On future growth for Volante:
I think a lot of times growth is a little bit opportunistic so you have to take it as it comes. But our approach is looking at acquisitions and also looking at our parent company just recently reinvested in building out our development team.
We’re looking at both aspects from that perspective of how we solidify an acquisitions process so that when an opportunity is presented, we can pursue that. The two projects we have going on in Oregon were legacy projects, they were well-underway before I got started. They’re both tracking well and slated to open hopefully in mid-second quarter, and so they’re both a little bit smaller communities in small markets within Oregon. We’re excited about how they’ll be positioned again as a brand new product to the space. They’re identical buildings, and they’re both 48 units, 24 assisted living, 24 memory care at each.
We just reengaged our development team and our leader of that division is working on building his team and working on going out and identifying sites, so we have a couple of things that are already in the works that we’re looking at early stages.
We’re excited for what that brings and hopefully as that solidifies over the next couple of years, we’ll get into a rhythm where we can go, bring on a couple of sites per year once you really hone that process.
So that means a huge need in our industry and a huge need for quality providers and that’s why, I think timing-wise, Volante is positioned well because we’re working and honing our skills to become a best in class operator and we’ll be right there alongside the growth that’s to come.
On investing CapEx on older communities:
You have to continue to invest in your existing assets to keep up with the new product as it does start to get delivered to the space so we want to keep up along the way. There’s always a wishlist in every community of everything they’d like to have and sometimes it’s harder to retrofit amenities when people are looking for new stuff, whether it’s a bigger fitness space or indoor yoga studio and those types of things.
Volante is building out our plan for the next one, two, three and five years and prioritizing those needs to where we need to put the dollars in to make the most impact.
On changing care levels to generate revenue, care improvement:
The team has been working on adjusting care levels and unpacking some of the markets where we were maybe all inclusive and put some care levels in place to try and make it a little bit more palatable for residents and families. It’s an ongoing process.

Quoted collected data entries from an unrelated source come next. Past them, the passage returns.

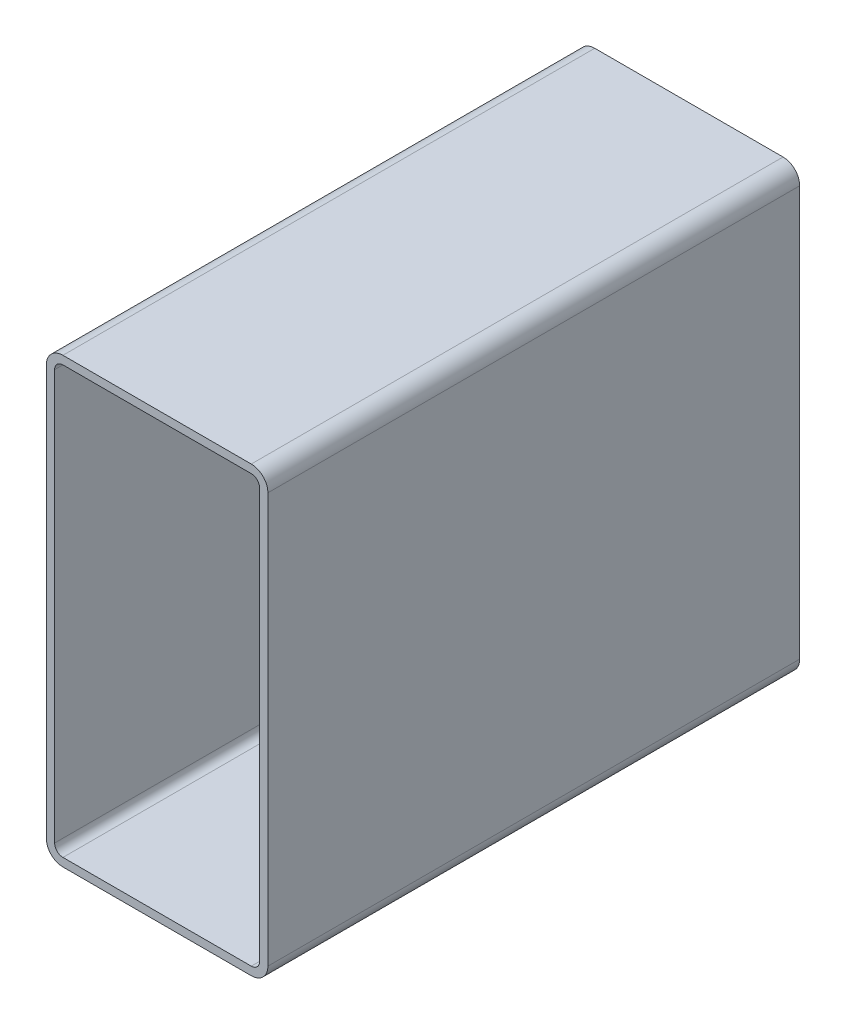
ISO-10303-21;
HEADER;
FILE_DESCRIPTION(('STEP AP214'),'2;1');
FILE_NAME('part.step','',(''),(''),'','','');
FILE_SCHEMA(('AUTOMOTIVE_DESIGN { 1 0 10303 214 1 1 1 1 }'));
ENDSEC;
DATA;
#1=APPLICATION_CONTEXT('core data for automotive mechanical design processes');
#2=APPLICATION_PROTOCOL_DEFINITION('international standard','automotive_design',2000,#1);
#3=PRODUCT_CONTEXT('',#1,'mechanical');
#4=PRODUCT('Part','Part','',(#3));
#5=PRODUCT_RELATED_PRODUCT_CATEGORY('part','',(#4));
#6=PRODUCT_DEFINITION_FORMATION('','',#4);
#7=PRODUCT_DEFINITION_CONTEXT('part definition',#1,'design');
#8=PRODUCT_DEFINITION('design','',#6,#7);
#9=PRODUCT_DEFINITION_SHAPE('','',#8);
#10=(LENGTH_UNIT() NAMED_UNIT(*) SI_UNIT(.MILLI.,.METRE.));
#11=(NAMED_UNIT(*) PLANE_ANGLE_UNIT() SI_UNIT($,.RADIAN.));
#12=(NAMED_UNIT(*) SI_UNIT($,.STERADIAN.) SOLID_ANGLE_UNIT());
#13=UNCERTAINTY_MEASURE_WITH_UNIT(LENGTH_MEASURE(1.E-05),#10,'distance_accuracy_value','');
#14=(GEOMETRIC_REPRESENTATION_CONTEXT(3) GLOBAL_UNCERTAINTY_ASSIGNED_CONTEXT((#13)) GLOBAL_UNIT_ASSIGNED_CONTEXT((#10,
#11,#12)) REPRESENTATION_CONTEXT('',''));
#15=CARTESIAN_POINT('',(0.,0.,0.));
#16=DIRECTION('',(0.,0.,1.));
#17=DIRECTION('',(1.,0.,0.));
#18=AXIS2_PLACEMENT_3D('',#15,#16,#17);
#19=CARTESIAN_POINT('',(10.3862396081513,246.395313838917,304.8));
#20=DIRECTION('',(0.,0.,1.));
#21=DIRECTION('',(1.,0.,0.));
#22=AXIS2_PLACEMENT_3D('',#19,#20,#21);
#23=PLANE('',#22);
#24=CARTESIAN_POINT('',(10.3862396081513,246.395313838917,304.8));
#25=DIRECTION('',(0.,0.,1.));
#26=DIRECTION('',(1.,0.,0.));
#27=AXIS2_PLACEMENT_3D('',#24,#25,#26);
#28=CIRCLE('',#27,9.52500000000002);
#29=CARTESIAN_POINT('',(10.3862396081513,255.920313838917,304.8));
#30=VERTEX_POINT('',#29);
#31=CARTESIAN_POINT('',(0.8612396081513,246.395313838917,304.8));
#32=VERTEX_POINT('',#31);
#33=EDGE_CURVE('E211',#30,#32,#28,.T.);
#34=ORIENTED_EDGE('',*,*,#33,.T.);
#35=DIRECTION('',(0.,-1.,0.));
#36=VECTOR('',#35,1.);
#37=CARTESIAN_POINT('',(0.8612396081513,11.4453138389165,304.8));
#38=LINE('',#37,#36);
#39=CARTESIAN_POINT('',(0.861239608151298,11.4453138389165,304.8));
#40=VERTEX_POINT('',#39);
#41=EDGE_CURVE('E214',#32,#40,#38,.T.);
#42=ORIENTED_EDGE('',*,*,#41,.T.);
#43=CARTESIAN_POINT('',(10.3862396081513,11.4453138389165,304.8));
#44=DIRECTION('',(0.,0.,1.));
#45=DIRECTION('',(1.,0.,0.));
#46=AXIS2_PLACEMENT_3D('',#43,#44,#45);
#47=CIRCLE('',#46,9.525);
#48=CARTESIAN_POINT('',(10.3862396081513,1.92031383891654,304.8));
#49=VERTEX_POINT('',#48);
#50=EDGE_CURVE('E217',#40,#49,#47,.T.);
#51=ORIENTED_EDGE('',*,*,#50,.T.);
#52=DIRECTION('',(1.,0.,0.));
#53=VECTOR('',#52,1.);
#54=CARTESIAN_POINT('',(118.336239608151,1.92031383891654,304.8));
#55=LINE('',#54,#53);
#56=CARTESIAN_POINT('',(118.336239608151,1.92031383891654,304.8));
#57=VERTEX_POINT('',#56);
#58=EDGE_CURVE('E219',#49,#57,#55,.T.);
#59=ORIENTED_EDGE('',*,*,#58,.T.);
#60=CARTESIAN_POINT('',(118.336239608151,11.4453138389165,304.8));
#61=DIRECTION('',(0.,0.,1.));
#62=DIRECTION('',(1.,0.,0.));
#63=AXIS2_PLACEMENT_3D('',#60,#61,#62);
#64=CIRCLE('',#63,9.525);
#65=CARTESIAN_POINT('',(127.861239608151,11.4453138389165,304.8));
#66=VERTEX_POINT('',#65);
#67=EDGE_CURVE('E221',#57,#66,#64,.T.);
#68=ORIENTED_EDGE('',*,*,#67,.T.);
#69=DIRECTION('',(0.,1.,0.));
#70=VECTOR('',#69,1.);
#71=CARTESIAN_POINT('',(127.861239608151,246.395313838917,304.8));
#72=LINE('',#71,#70);
#73=CARTESIAN_POINT('',(127.861239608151,246.395313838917,304.8));
#74=VERTEX_POINT('',#73);
#75=EDGE_CURVE('E223',#66,#74,#72,.T.);
#76=ORIENTED_EDGE('',*,*,#75,.T.);
#77=CARTESIAN_POINT('',(118.336239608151,246.395313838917,304.8));
#78=DIRECTION('',(0.,0.,1.));
#79=DIRECTION('',(1.,0.,0.));
#80=AXIS2_PLACEMENT_3D('',#77,#78,#79);
#81=CIRCLE('',#80,9.52500000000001);
#82=CARTESIAN_POINT('',(118.336239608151,255.920313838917,304.8));
#83=VERTEX_POINT('',#82);
#84=EDGE_CURVE('E225',#74,#83,#81,.T.);
#85=ORIENTED_EDGE('',*,*,#84,.T.);
#86=DIRECTION('',(-1.,0.,0.));
#87=VECTOR('',#86,1.);
#88=CARTESIAN_POINT('',(10.3862396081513,255.920313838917,304.8));
#89=LINE('',#88,#87);
#90=EDGE_CURVE('E227',#83,#30,#89,.T.);
#91=ORIENTED_EDGE('',*,*,#90,.T.);
#92=EDGE_LOOP('',(#34,#42,#51,#59,#68,#76,#85,#91));
#93=FACE_BOUND('',#92,.T.);
#94=DIRECTION('',(0.,-1.,0.));
#95=VECTOR('',#94,1.);
#96=CARTESIAN_POINT('',(5.6237396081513,11.4453138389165,304.8));
#97=LINE('',#96,#95);
#98=CARTESIAN_POINT('',(5.6237396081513,246.395313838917,304.8));
#99=VERTEX_POINT('',#98);
#100=CARTESIAN_POINT('',(5.6237396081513,11.4453138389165,304.8));
#101=VERTEX_POINT('',#100);
#102=EDGE_CURVE('E154',#99,#101,#97,.T.);
#103=ORIENTED_EDGE('',*,*,#102,.F.);
#104=CARTESIAN_POINT('',(10.3862396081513,246.395313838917,304.8));
#105=DIRECTION('',(0.,0.,1.));
#106=DIRECTION('',(1.,0.,0.));
#107=AXIS2_PLACEMENT_3D('',#104,#105,#106);
#108=CIRCLE('',#107,4.76250000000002);
#109=CARTESIAN_POINT('',(10.3862396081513,251.157813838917,304.8));
#110=VERTEX_POINT('',#109);
#111=EDGE_CURVE('E146',#110,#99,#108,.T.);
#112=ORIENTED_EDGE('',*,*,#111,.F.);
#113=DIRECTION('',(-1.,0.,0.));
#114=VECTOR('',#113,1.);
#115=CARTESIAN_POINT('',(10.3862396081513,251.157813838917,304.8));
#116=LINE('',#115,#114);
#117=CARTESIAN_POINT('',(118.336239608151,251.157813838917,304.8));
#118=VERTEX_POINT('',#117);
#119=EDGE_CURVE('E179',#118,#110,#116,.T.);
#120=ORIENTED_EDGE('',*,*,#119,.F.);
#121=CARTESIAN_POINT('',(118.336239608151,246.395313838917,304.8));
#122=DIRECTION('',(0.,0.,1.));
#123=DIRECTION('',(1.,0.,0.));
#124=AXIS2_PLACEMENT_3D('',#121,#122,#123);
#125=CIRCLE('',#124,4.76250000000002);
#126=CARTESIAN_POINT('',(123.098739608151,246.395313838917,304.8));
#127=VERTEX_POINT('',#126);
#128=EDGE_CURVE('E177',#127,#118,#125,.T.);
#129=ORIENTED_EDGE('',*,*,#128,.F.);
#130=DIRECTION('',(0.,1.,0.));
#131=VECTOR('',#130,1.);
#132=CARTESIAN_POINT('',(123.098739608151,246.395313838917,304.8));
#133=LINE('',#132,#131);
#134=CARTESIAN_POINT('',(123.098739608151,11.4453138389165,304.8));
#135=VERTEX_POINT('',#134);
#136=EDGE_CURVE('E175',#135,#127,#133,.T.);
#137=ORIENTED_EDGE('',*,*,#136,.F.);
#138=CARTESIAN_POINT('',(118.336239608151,11.4453138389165,304.8));
#139=DIRECTION('',(0.,0.,1.));
#140=DIRECTION('',(1.,0.,0.));
#141=AXIS2_PLACEMENT_3D('',#138,#139,#140);
#142=CIRCLE('',#141,4.7625);
#143=CARTESIAN_POINT('',(118.336239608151,6.68281383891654,304.8));
#144=VERTEX_POINT('',#143);
#145=EDGE_CURVE('E173',#144,#135,#142,.T.);
#146=ORIENTED_EDGE('',*,*,#145,.F.);
#147=DIRECTION('',(1.,0.,0.));
#148=VECTOR('',#147,1.);
#149=CARTESIAN_POINT('',(118.336239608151,6.68281383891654,304.8));
#150=LINE('',#149,#148);
#151=CARTESIAN_POINT('',(10.3862396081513,6.68281383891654,304.8));
#152=VERTEX_POINT('',#151);
#153=EDGE_CURVE('E169',#152,#144,#150,.T.);
#154=ORIENTED_EDGE('',*,*,#153,.F.);
#155=CARTESIAN_POINT('',(10.3862396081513,11.4453138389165,304.8));
#156=DIRECTION('',(0.,0.,1.));
#157=DIRECTION('',(1.,0.,0.));
#158=AXIS2_PLACEMENT_3D('',#155,#156,#157);
#159=CIRCLE('',#158,4.7625);
#160=EDGE_CURVE('E167',#101,#152,#159,.T.);
#161=ORIENTED_EDGE('',*,*,#160,.F.);
#162=EDGE_LOOP('',(#103,#112,#120,#129,#137,#146,#154,#161));
#163=FACE_BOUND('',#162,.T.);
#164=ADVANCED_FACE('F33',(#93,#163),#23,.T.);
#165=CARTESIAN_POINT('',(10.3862396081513,246.395313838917,0.));
#166=DIRECTION('',(0.,0.,1.));
#167=DIRECTION('',(1.,0.,0.));
#168=AXIS2_PLACEMENT_3D('',#165,#166,#167);
#169=PLANE('',#168);
#170=CARTESIAN_POINT('',(10.3862396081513,246.395313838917,0.));
#171=DIRECTION('',(0.,0.,1.));
#172=DIRECTION('',(1.,0.,0.));
#173=AXIS2_PLACEMENT_3D('',#170,#171,#172);
#174=CIRCLE('',#173,9.52500000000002);
#175=CARTESIAN_POINT('',(10.3862396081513,255.920313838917,0.));
#176=VERTEX_POINT('',#175);
#177=CARTESIAN_POINT('',(0.8612396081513,246.395313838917,0.));
#178=VERTEX_POINT('',#177);
#179=EDGE_CURVE('E162',#176,#178,#174,.T.);
#180=ORIENTED_EDGE('',*,*,#179,.F.);
#181=DIRECTION('',(-1.,0.,0.));
#182=VECTOR('',#181,1.);
#183=CARTESIAN_POINT('',(10.3862396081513,255.920313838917,0.));
#184=LINE('',#183,#182);
#185=CARTESIAN_POINT('',(118.336239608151,255.920313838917,0.));
#186=VERTEX_POINT('',#185);
#187=EDGE_CURVE('E215',#186,#176,#184,.T.);
#188=ORIENTED_EDGE('',*,*,#187,.F.);
#189=CARTESIAN_POINT('',(118.336239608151,246.395313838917,0.));
#190=DIRECTION('',(0.,0.,1.));
#191=DIRECTION('',(1.,0.,0.));
#192=AXIS2_PLACEMENT_3D('',#189,#190,#191);
#193=CIRCLE('',#192,9.52500000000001);
#194=CARTESIAN_POINT('',(127.861239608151,246.395313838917,0.));
#195=VERTEX_POINT('',#194);
#196=EDGE_CURVE('E242',#195,#186,#193,.T.);
#197=ORIENTED_EDGE('',*,*,#196,.F.);
#198=DIRECTION('',(0.,1.,0.));
#199=VECTOR('',#198,1.);
#200=CARTESIAN_POINT('',(127.861239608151,246.395313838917,0.));
#201=LINE('',#200,#199);
#202=CARTESIAN_POINT('',(127.861239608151,11.4453138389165,0.));
#203=VERTEX_POINT('',#202);
#204=EDGE_CURVE('E240',#203,#195,#201,.T.);
#205=ORIENTED_EDGE('',*,*,#204,.F.);
#206=CARTESIAN_POINT('',(118.336239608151,11.4453138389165,0.));
#207=DIRECTION('',(0.,0.,1.));
#208=DIRECTION('',(1.,0.,0.));
#209=AXIS2_PLACEMENT_3D('',#206,#207,#208);
#210=CIRCLE('',#209,9.525);
#211=CARTESIAN_POINT('',(118.336239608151,1.92031383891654,0.));
#212=VERTEX_POINT('',#211);
#213=EDGE_CURVE('E238',#212,#203,#210,.T.);
#214=ORIENTED_EDGE('',*,*,#213,.F.);
#215=DIRECTION('',(1.,0.,0.));
#216=VECTOR('',#215,1.);
#217=CARTESIAN_POINT('',(118.336239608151,1.92031383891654,0.));
#218=LINE('',#217,#216);
#219=CARTESIAN_POINT('',(10.3862396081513,1.92031383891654,0.));
#220=VERTEX_POINT('',#219);
#221=EDGE_CURVE('E236',#220,#212,#218,.T.);
#222=ORIENTED_EDGE('',*,*,#221,.F.);
#223=CARTESIAN_POINT('',(10.3862396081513,11.4453138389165,0.));
#224=DIRECTION('',(0.,0.,1.));
#225=DIRECTION('',(1.,0.,0.));
#226=AXIS2_PLACEMENT_3D('',#223,#224,#225);
#227=CIRCLE('',#226,9.525);
#228=CARTESIAN_POINT('',(0.861239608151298,11.4453138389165,0.));
#229=VERTEX_POINT('',#228);
#230=EDGE_CURVE('E234',#229,#220,#227,.T.);
#231=ORIENTED_EDGE('',*,*,#230,.F.);
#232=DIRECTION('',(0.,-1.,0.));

We’re also looking at updating some of our technology from a care platform standpoint to make sure that we have the right systems in place to be able to capture the care that’s needed and help us better deliver on care globally from a system standpoint.
Outlook for the rest of 2025:
We’re really focused on high touch, honing our skills of what we’re doing right now and really improving our existing results and we may find some growth opportunities yet this year. So we’re really just trying to position ourselves well throughout this year so that next year really becomes a higher growth focus for us as well.